# St. Thomas/St. John in October



## dmsholder (Apr 9, 2006)

Our wedding anniversary is on October 18th and we were thinking about going to St. Thomas or St. John.  Is this still in hurricane season and are we better off going somewhere else?

Has anyone been there in October?
Donna


----------



## Judy (Apr 9, 2006)

Oh yes, October is definitely still hurricane season   But if you want to dive or snorkel, the water will be warmer than during non-hurricane season. Hurricanes like warm water 
	

	
	
		
		

		
		
	


	



Hurricane season is supposed to end November 30, but last year it lasted well into December


----------



## Tia (Apr 9, 2006)

Yes it's still a possibility, so consider trip insurance just incase. Many people enjoy the VI all year long. A good board to check out is http://www.usvi-on-line.com/usviforum.html .


----------



## irbyjr (Apr 10, 2006)

<





			
				dmsholder said:
			
		

> Our wedding anniversary is on October 18th and we were thinking about going to St. Thomas or St.
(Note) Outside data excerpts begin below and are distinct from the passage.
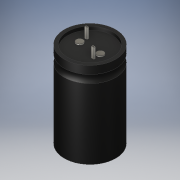
# Autodesk Inventor part: capacitor (LGN2X151MELB50)
Saved by Autodesk Inventor 2017 (Build 210142000, 142)
## iProperties
Part Number: capacitor (LGN2X151MELB50)
Material: Generisch
Document SubType Name: Modeling
Designer: ExCISS
Density: 1 g/cm^3
Appearance: Glänzend - schwarz
Author: ExCISS
Autodesk Inventor part; units mm, degrees
ref_plane "YZ Plane" through (0, 0, 0) normal (1, 0, 0) x (0, 1, 0)
ref_plane "XZ Plane" through (0, 0, 0) normal (0, 1, 0) x (-1, 0, 0)
sketch "Skizze1" plane through (0, 0, 0) normal (0, 1, 0) x (-1, 0, 0)
  line L0 (0, 0) -> (0, 50)
  line L1 (0, 50) -> (-15, 50)
  line L2 (-15, 50) -> (-15, 45.4)
  line L3 (-15, 40.8) -> (-15, 0)
  arc A0 (-15, 40.8) -> (-15, 45.4) centre (-20.6528, 43.1) ccw
  line L4 (0, 0) -> (-15, 0)
  line L5 (0, -10) -> (0, 60) projected
  dimension "d0" = 50
  dimension "d1" = 15
  dimension "d2" = 4.6
  dimension "d72" = 14.55
  dimension "d73" = 4.6
  constraints: 10 end point, 2 perpendicular, 2 point on circle, 2 point on line, 1 centre point, 1 horizontal, 1 vertical
  measures "d0" distance of L0.start L0.end
  measures "d1" distance of L0.end L1.end
  measures "d2" distance of L1.end L2.end
  measures "d72" distance edge to line of A0 L0
  measures "d73" distance of L2.end L3.start
revolve "Umdrehung1" add sketch "Skizze1" angle 360 about axis through (0, 0, -10) along (0, 0, 1)
sketch "Skizze3" plane through (0, 0, 50) normal (0, 0, 1) x (1, 0, 0)
  circle A0 centre (0, 0) radius 13.05
  dimension "d10" = 26.1
  constraints: 1 centre point, 1 coincident
  measures "d10" diameter of A0
extrude "Extrusion2" cut sketch "Skizze3" against normal blind 2
sketch "Skizze7" plane through (0, 0, 0) normal (0, 0, -1) x (-1, 0, 0)
  circle A0 centre (0, 0) radius 12.8
  dimension "d19" = 25.6
  constraints: 1 centre point, 1 coincident
  measures "d19" diameter of A0
extrude "Extrusion4" cut sketch "Skizze7" against normal blind 0.02
sketch "Skizze17" plane through (0, 0, 48) normal (0, 0, 1) x (1, 0, 0)
  line L0 (-4.2414, 0) -> (6, 0) construction
  line L1 (6, 0) -> (-6, 0) construction
  line L2 (6, 0) -> (6, -3.5) construction
  line L3 (-6, 0) -> (-6, 3.5) construction
  line L4 (-6, 3.5) -> (6, -3.5) construction
  circle A0 centre (-6, 0) radius 2
  circle A1 centre (6, 0) radius 2
  line L5 (-6.75, 4.5) -> (-5.25, 4.5)
  line L6 (-5.25, 4.5) -> (-5.25, 3.5)
  line L7 (-5.25, 3.5) -> (-6.75, 3.5)
  line L8 (-6.75, 3.5) -> (-6.75, 4.5)
  line L9 (6.75, -3.5) -> (5.25, -3.5)
  line L10 (5.25, -3.5) -> (5.25, -4.5)
  line L11 (5.25, -4.5) -> (6.75, -4.5)
  line L12 (6.75, -4.5) -> (6.75, -3.5)
  point P0 (0, 0)
  point P1 (0, 0)
  dimension "d54" = 12
  dimension "d55" = 3.5
  dimension "d56" = 3.5
  dimension "d57" = 4
  dimension "d58" = 4
  dimension "d59" = 1.5
  dimension "d60" = 1
  dimension "d61" = 1.5
  dimension "d62" = 1
  constraints: 26 end point, 4 parallel, 3 coincident, 3 horizontal, 3 midpoint, 2 centre point, 2 perpendicular, 2 vertical, 1 point on line
  measures "d54" distance of L0.end L1.end
  measures "d55" distance of L2.end L0.end
  measures "d56" distance of L3.end L1.end
  measures "d57" diameter of A0
  measures "d58" diameter of A1
  measures "d59" distance of L6.end L7.end
  measures "d60" distance of L5.end L6.end
  measures "d61" distance of L11.end L10.end
  measures "d62" distance of L10.end L9.end
extrude "Extrusion8" add sketch "Skizze17" along normal blind 0.6 contours A0 | A1
sketch "Skizze18" plane through (0, 0, 48) normal (0, 0, 1) x (1, 0, 0)
  line L0 (-6.75, 4.5) -> (-5.25, 4.5)
  line L1 (-5.25, 4.5) -> (-5.25, 3.5)
  line L2 (-5.25, 3.5) -> (-6.75, 3.5)
  line L3 (-6.75, 3.5) -> (-6.75, 4.5)
  line L4 (6.75, -3.5) -> (5.25, -3.5)
  line L5 (5.25, -3.5) -> (5.25, -4.5)
  line L6 (5.25, -4.5) -> (6.75, -4.5)
  line L7 (6.75, -4.5) -> (6.75, -3.5)
  point P0 (0, 0)
  point P1 (-6, 3.5)
  point P2 (6, -3.5)
  dimension "d66" = 1.5
  dimension "d67" = 1
  dimension "d68" = 1.5
  dimension "d69" = 1
  constraints: 16 end point, 4 parallel, 2 horizontal, 2 midpoint, 2 perpendicular
  measures "d66" distance of L1.end L2.end
  measures "d67" distance of L1.start L1.end
  measures "d68" distance of L6.end L5.end
  measures "d69" distance of L5.end L4.end
extrude "Extrusion9" add sketch "Skizze18" along normal blind 6
sketch "Skizze9" plane through (0, 0, 0.02) normal (0, 0, -1) x (-1, 0, 0)
  line L0 (-7.5, 0) -> (7.5, 0) construction
  line L1 (0, 4.0384) -> (0, 7.5) construction
  line L2 (0, 7.5) -> (0, -7.5) construction
  line L3 (0.15, 7.5) -> (-0.15, 7.5)
  line L4 (-0.15, 7.5) -> (-0.15, 0.15)
  line L5 (-0.15, 0.15) -> (-7.5, 0.15)
  line L6 (-7.5, 0.15) -> (-7.5, -0.15)
  line L7 (-7.5, -0.15) -> (-0.15, -0.15)
  line L8 (-0.15, -0.15) -> (-0.15, -7.5)
  line L9 (-0.15, -7.5) -> (0.15, -7.5)
  line L10 (0.15, -7.5) -> (0.15, -0.15)
  line L11 (0.15, -0.15) -> (7.5, -0.15)
  line L12 (7.5, -0.15) -> (7.5, 0.15)
  line L13 (7.5, 0.15) -> (0.15, 0.15)
  line L14 (0.15, 0.15) -> (0.15, 7.5)
  point P0 (0, 0)
  point P1 (0, 0)
  dimension "d23" = 15
  dimension "d24" = 15
  dimension "d74" = 0.3
  constraints: 30 end point, 12 perpendicular, 6 midpoint, 4 equal length, 1 coincident, 1 horizontal, 1 point on line
  measures "d23" distance of L0.start L0.end
  measures "d24" distance of L1.end L2.end
  measures "d74" distance between parallel lines of L10 L8
extrude "Extrusion10" cut sketch "Skizze9" against normal blind 0.3
sketch "Skizze19" plane through (0, 0, 54) normal (0, 0, 1) x (1, 0, 0)
  line L0 (6.75, -3.5) -> (5.25, -3.5) projected
  line L1 (6.75, -3.5) -> (5.25, -3.5) projected
  line L2 (5.25, -3.5) -> (5.25, -4.5) projected
  line L3 (5.25, -4.5) -> (6.75, -4.5) projected
  line L4 (6.75, -4.5) -> (6.75, -3.5) projected
  line L5 (5.25, -3.5) -> (6.75, -4.5) construction
  circle A0 centre (6, -4) radius 0.25
  line L6 (-5.25, 3.5) -> (-5.25, 4.5) projected
  line L7 (-5.25, 4.5) -> (-6.75, 4.5) projected
  line L8 (-6.75, 4.5) -> (-6.75, 3.5) projected
  line L9 (-6.75, 3.5) -> (-5.25, 3.5) projected
  line L10 (-5.25, 4.5) -> (-6.75, 4.5) construction
  line L11 (-6.75, 4.5) -> (-5.25, 3.5) construction
  circle A1 centre (-6, 4) radius 0.25
  point P0 (0, 0)
  dimension "d77" = 0.5
  dimension "d78" = 0.5
  constraints: 4 end point, 2 centre point, 2 midpoint
  measures "d77" diameter of A0
  measures "d78" diameter of A1
extrude "Extrusion11" add sketch "Skizze19" along normal blind 0.001 contours A0 | A1
ref_plane "Arbeitsebene1" through (-6, 4, 54.001) normal (0.5547, 0.8321, 0) x (0, 0, 1)

John.  Is this still in hurricane season and are we better off going somewhere else?
> 
> Has anyone been there in October?
> Donna


>

Been going in late October since 1979 and never a hurricane problem.  But, they have happened in the fall, so as Tia said, get some trip insurance.  Crowds are smaller in the fall, and most of the good restaurants are open, As I recall.


----------